======== Supplied material

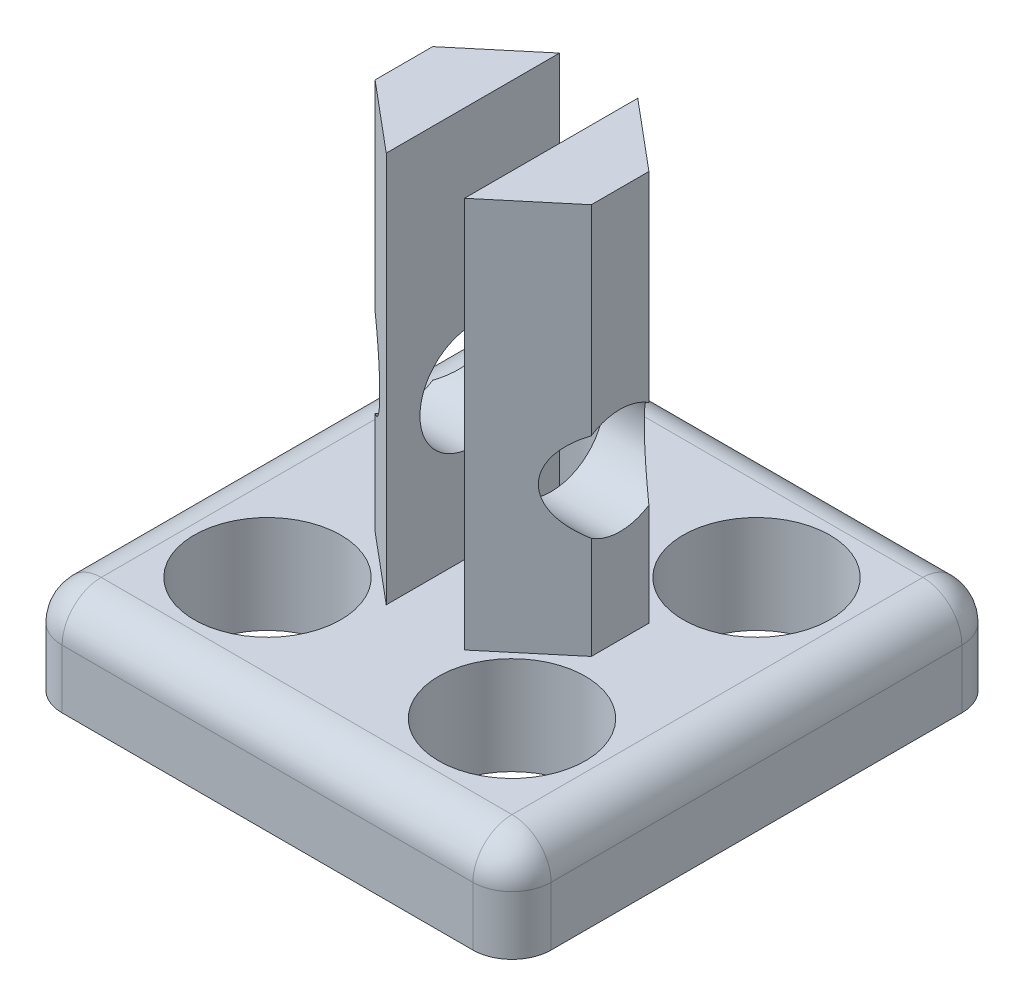
from build123d import *

# Parameters (mm, degrees)
SKETCH1_W           = 12.7
SKETCH1_H           = 12.7
SKETCH1_R           = 1.905
BOSS_EXTRUDE1_DEPTH = 2.54
BOSS_EXTRUDE2_DEPTH = 10.16
SKETCH3_R           = 1.375
CUT_EXTRUDE1_DEPTH  = 17.896123524
FILLET1_R           = 1.016


with BuildPart() as part:
    # Sketch1 → Boss-Extrude1 (new body)
    with BuildSketch(Plane(origin=(0, 0, 0), x_dir=(1, 0, 0), z_dir=(0, 1, 0))):
        Rectangle(SKETCH1_W, SKETCH1_H)
        with Locations((-3.175, 3.175)):
            Circle(SKETCH1_R, mode=Mode.SUBTRACT)
        with Locations((3.175, 3.175)):
            Circle(SKETCH1_R, mode=Mode.SUBTRACT)
        with Locations((3.175, -3.175)):
            Circle(SKETCH1_R, mode=Mode.SUBTRACT)
        with Locations((-3.175, -3.175)):
            Circle(SKETCH1_R, mode=Mode.SUBTRACT)
    extrude(amount=BOSS_EXTRUDE1_DEPTH)

    # Sketch2 → Boss-Extrude2 (add)
    with BuildSketch(Plane(origin=(0, 2.54, 0), x_dir=(1, 0, 0), z_dir=(0, 1, 0))):
        Polygon((-1.016, 2.249760645), (-2.807864934, 0.747994785), (-2.807864934, -0.747994785), (-1.016, -2.249760645), align=None)
        Polygon((2.807864934, 0.747994785), (1.016, 2.249760645), (1.016, -2.249760645), (2.807864934, -0.747994785), align=None)
    extrude(amount=BOSS_EXTRUDE2_DEPTH)

    # Sketch3 → Cut-Extrude1 (cut, through all)
    with BuildSketch(Plane(origin=(2.807864934, 0, 0), x_dir=(0, 0, -1), z_dir=(1, 0, 0))):
        with Locations((0, 6.35)):
            Circle(SKETCH3_R)
    extrude(amount=-CUT_EXTRUDE1_DEPTH, mode=Mode.SUBTRACT)

    # Fillet1
    fillet1_edges = [part.edges().sort_by_distance(p)[0] for p in [
        (6.35, 1.27, -6.35),
        (0, 2.54, -6.35),
        (-6.35, 1.27, -6.35),
        (-6.35, 1.27, 6.35),
        (-6.35, 2.54, 0),
        (6.35, 1.27, 6.35),
        (6.35, 2.54, 0),
        (0, 2.54, 6.35),
    ]]
    fillet(fillet1_edges, radius=FILLET1_R)


solid = part.part
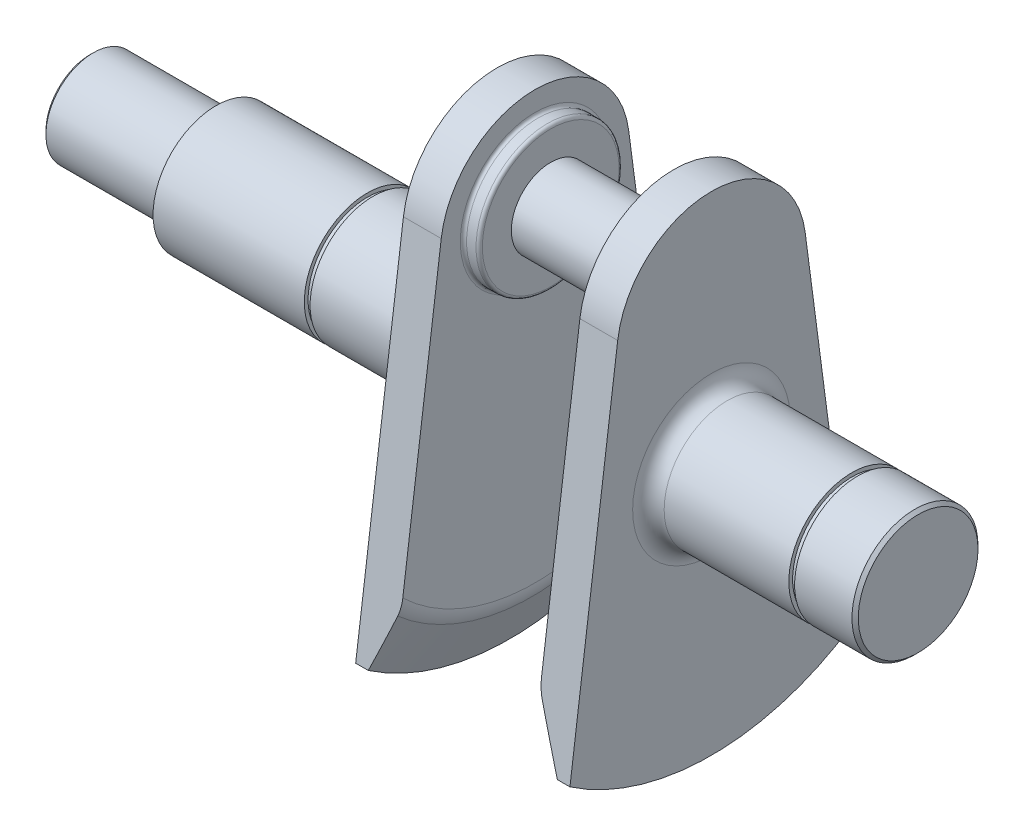
from build123d import *

# Parameters (mm, degrees)
BOSS_EXTRUDE1_DEPTH   = 7.62
SKETCH3_R             = 14.4145
BOSS_EXTRUDE2_DEPTH   = 3.175
SKETCH4_R             = 7.9375
BOSS_EXTRUDE3_DEPTH   = 10.795
CHAMFER1_SIZE         = 5.08
CHAMFER1_SIZE2        = 10.894095156
FILLET1_R             = 6.35
MIRROR1_START         = 117.602
MIRROR1_OUTLINE_R     = 12.7
MIRROR1_DEPTH         = 7.62
MIRROR1_START_2       = 103.632
MIRROR1_2_OUTLINE_R   = 7.9375
MIRROR1_2_DEPTH       = 13.97
MIRROR1_START_3       = 114.427
MIRROR1_3_OUTLINE_R   = 14.4145
MIRROR1_3_OUTLINE_R_2 = 7.9375
MIRROR1_3_DEPTH       = 3.175
MIRROR1_4_ANGLE       = 87.55708
FILLET2_R             = 0.635
CUT_EXTRUDE1_START    = 27.94
SKETCH5_R             = 12.7
CUT_EXTRUDE1_DEPTH    = 27.94
CHAMFER2_SIZE         = 0.635
FILLET3_R             = 3.175


with BuildPart() as part:
    # Sketch1 → Revolve1 (revolve)
    with BuildSketch(Plane.XY, mode=Mode.PRIVATE) as revolve1_sk:
        Polygon((25.4, 12.7), (55.88, 12.7), (55.88, 11.938), (57.0484, 11.938), (57.0484, 12.7), (153.5176, 12.7), (153.5176, 11.938), (154.686, 11.938), (154.686, 12.7), (166.878, 12.7), (166.878, 0), (0, 0), (0, 9.525), (25.4, 9.525), align=None)
    revolve(revolve1_sk.sketch.rotate(Axis((0, 0, 0), (-1, 0, 0)), 90), axis=Axis((0, 0, 0), (-1, 0, 0)))

    # Sketch2 → Boss-Extrude1 (add)
    with BuildSketch(Plane(origin=(82.042, 0, 0), x_dir=(0, 0, -1), z_dir=(1, 0, 0))):
        with BuildLine():
            Line((-18.887024609, 31.061523962), (-28.511597739, -42.044366975))
            ThreePointArc((-28.511597739, -42.044366975), (0, -50.8), (28.511597739, -42.044366975))
            Line((28.511597739, -42.044366975), (18.887024609, 31.061523962))
            ThreePointArc((18.887024609, 31.061523962), (0, 47.625), (-18.887024609, 31.061523962))
        make_face()
    extrude(amount=BOSS_EXTRUDE1_DEPTH)

    # Sketch3 → Boss-Extrude2 (add)
    with BuildSketch(Plane(origin=(89.662, 0, 0), x_dir=(0, 0, -1), z_dir=(1, 0, 0))):
        with Locations((0, 28.575)):
            Circle(SKETCH3_R)
    extrude(amount=BOSS_EXTRUDE2_DEPTH)

    # Sketch4 → Boss-Extrude3 (add)
    with BuildSketch(Plane(origin=(92.837, 0, 0), x_dir=(0, 0, -1), z_dir=(1, 0, 0))):
        with Locations((0, 28.575)):
            Circle(SKETCH4_R)
    extrude(amount=BOSS_EXTRUDE3_DEPTH)

    # Chamfer1
    chamfer1_edges = [part.edges().sort_by_distance(p)[0] for p in [
        (89.662, -50.8, 0),
    ]]
    chamfer1_side = [part.faces().sort_by_distance(p)[0] for p in [
        (85.852, -50.8, 0),
    ]]
    chamfer(chamfer1_edges, length=CHAMFER1_SIZE, length2=CHAMFER1_SIZE2, reference=chamfer1_side[0])

    # Fillet1
    fillet1_edges = [part.edges().sort_by_distance(p)[0] for p in [
        (89.662, -39.905904844, 0),
    ]]
    fillet(fillet1_edges, radius=FILLET1_R)

    # Mirror1: read off the stored shape, not the designer's step
    # Mirror1 outline → Mirror1 (add)
    with BuildSketch(Plane.YZ.offset(MIRROR1_START)):
        with BuildLine():
            Line((31.061523962, 18.887024609), (-42.044366975, 28.511597739))
            ThreePointArc((-42.044366975, 28.511597739), (-50.8, 0), (-42.044366975, -28.511597739))
            Line((-42.044366975, -28.511597739), (31.061523962, -18.887024609))
            ThreePointArc((31.061523962, -18.887024609), (47.625, 0), (31.061523962, 18.887024609))
        make_face()
        Circle(MIRROR1_OUTLINE_R, mode=Mode.SUBTRACT)
    extrude(amount=MIRROR1_DEPTH)

    # Mirror1 2 outline → Mirror1 2 (add)
    with BuildSketch(Plane.YZ.offset(MIRROR1_START_2)):
        with Locations((28.575, 0)):
            Circle(MIRROR1_2_OUTLINE_R)
    extrude(amount=MIRROR1_2_DEPTH)

    # Mirror1 3 outline → Mirror1 3 (add)
    with BuildSketch(Plane.YZ.offset(MIRROR1_START_3)):
        with Locations((28.575, 0)):
            Circle(MIRROR1_3_OUTLINE_R)
        with Locations((28.575, 0)):
            Circle(MIRROR1_3_OUTLINE_R_2, mode=Mode.SUBTRACT)
    extrude(amount=MIRROR1_3_DEPTH)

    # Mirror1 4 outline → Mirror1 4 (revolve, cut)
    with BuildSketch(Plane(origin=(0, 0, 0), x_dir=(0, -0.7220194162000995, 0.6918727936767477), z_dir=(0, 0.6918727936767477, 0.7220194162000995))):
        with BuildLine():
            Line((50.8, 122.682), (41.181769698, 118.196945552))
            ThreePointArc((41.181769698, 118.196945552), (39.872535284, 117.752520355), (38.498143736, 117.602))
            Line((38.498143736, 117.602), (50.8, 117.602))
            Line((50.8, 117.602), (50.8, 122.682))
        make_face()
    revolve(axis=Axis((0, 0, 0), (1, 0, 0)), revolution_arc=MIRROR1_4_ANGLE, mode=Mode.SUBTRACT)

    # Fillet2
    fillet2_edges = [part.edges().sort_by_distance(p)[0] for p in [
        (25.4, 0, 9.525),
        (89.662, 28.575, 14.4145),
        (92.837, 28.575, 14.4145),
        (117.602, 14.1605, 0),
        (114.427, 14.1605, 0),
    ]]
    fillet(fillet2_edges, radius=FILLET2_R)

    # Sketch5 → Cut-Extrude1 (cut)
    with BuildSketch(Plane(origin=(89.662, 0, 0), x_dir=(0, 0, -1), z_dir=(1, 0, 0)).offset(CUT_EXTRUDE1_START)):
        Circle(SKETCH5_R)
    extrude(amount=-CUT_EXTRUDE1_DEPTH, mode=Mode.SUBTRACT)

    # Chamfer2
    chamfer2_edges = [part.edges().sort_by_distance(p)[0] for p in [
        (166.878, 0, 12.7),
        (0, 0, 9.525),
    ]]
    chamfer(chamfer2_edges, length=CHAMFER2_SIZE)

    # Fillet3
    fillet3_edges = [part.edges().sort_by_distance(p)[0] for p in [
        (82.042, 0, 12.7),
        (125.222, 0, 12.7),
    ]]
    fillet(fillet3_edges, radius=FILLET3_R)


solid = part.part
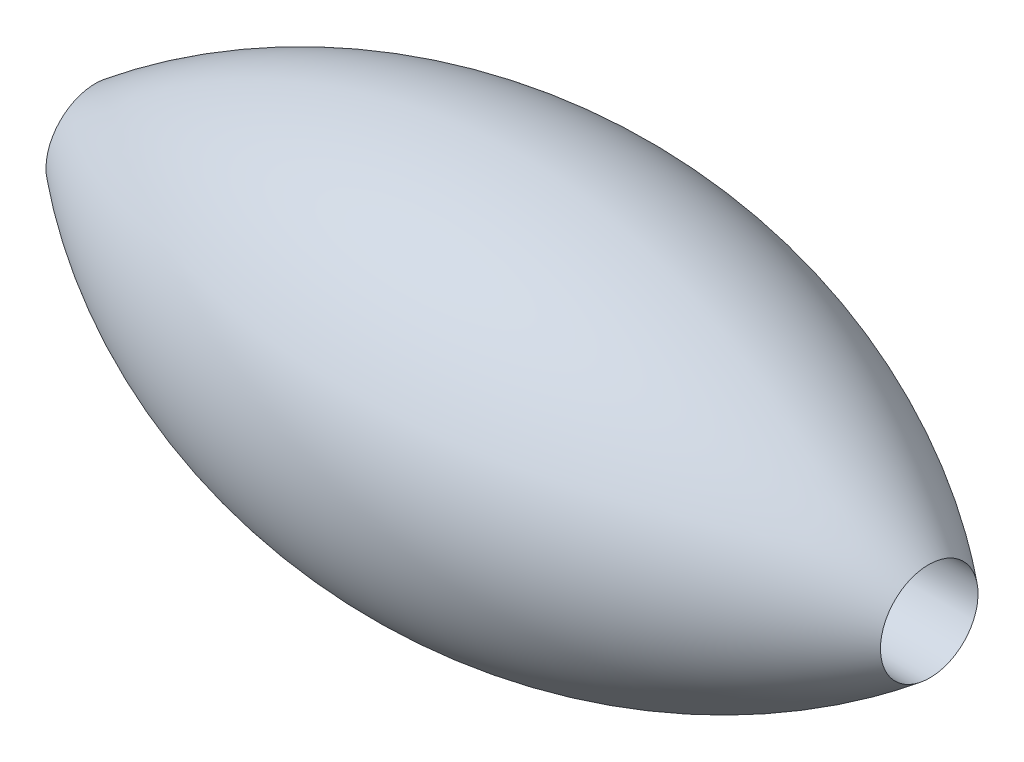
from build123d import *

# Parameters (mm, degrees)
CUT_EXTRUDE1_DEPTH      = 9.630623569
CUT_EXTRUDE1_DEPTH_BACK = 9.630623569
SKETCH2_R               = 0.75


with BuildPart() as part:
    # Sketch1 → Revolve1 (revolve)
    with BuildSketch(Plane.XY):
        with BuildLine():
            Line((-7.512965189, -0.007160548), (6.992555135, -0.007160548))
            ThreePointArc((6.992555135, -0.007160548), (-0.260205027, -3.007160548), (-7.512965189, -0.007160548))
        make_face()
    revolve(axis=Axis((-7.512965189, -0.007160548, 0), (1, 0, 0)))

    # Sketch2 → Cut-Extrude1 (cut, two sides: drawn at the far end of the back side and taken through both)
    with BuildSketch(Plane(origin=(0, 0, 0), x_dir=(0, 0, -1), z_dir=(1, 0, 0)).offset(-CUT_EXTRUDE1_DEPTH_BACK)):
        Circle(SKETCH2_R)
    extrude(amount=CUT_EXTRUDE1_DEPTH + CUT_EXTRUDE1_DEPTH_BACK, mode=Mode.SUBTRACT)


solid = part.part

================

## Problem details
Go through the entries above and copy out every line that includes the word "Locations".

## Reply
        with Locations((-3.175, 3.175)):
        with Locations((3.175, 3.175)):
        with Locations((3.175, -3.175)):
        with Locations((-3.175, -3.175)):
        with Locations((0, 6.35)):
        with Locations((0, 28.575)):
        with Locations((0, 28.575)):
        with Locations((28.575, 0)):
        with Locations((28.575, 0)):
        with Locations((28.575, 0)):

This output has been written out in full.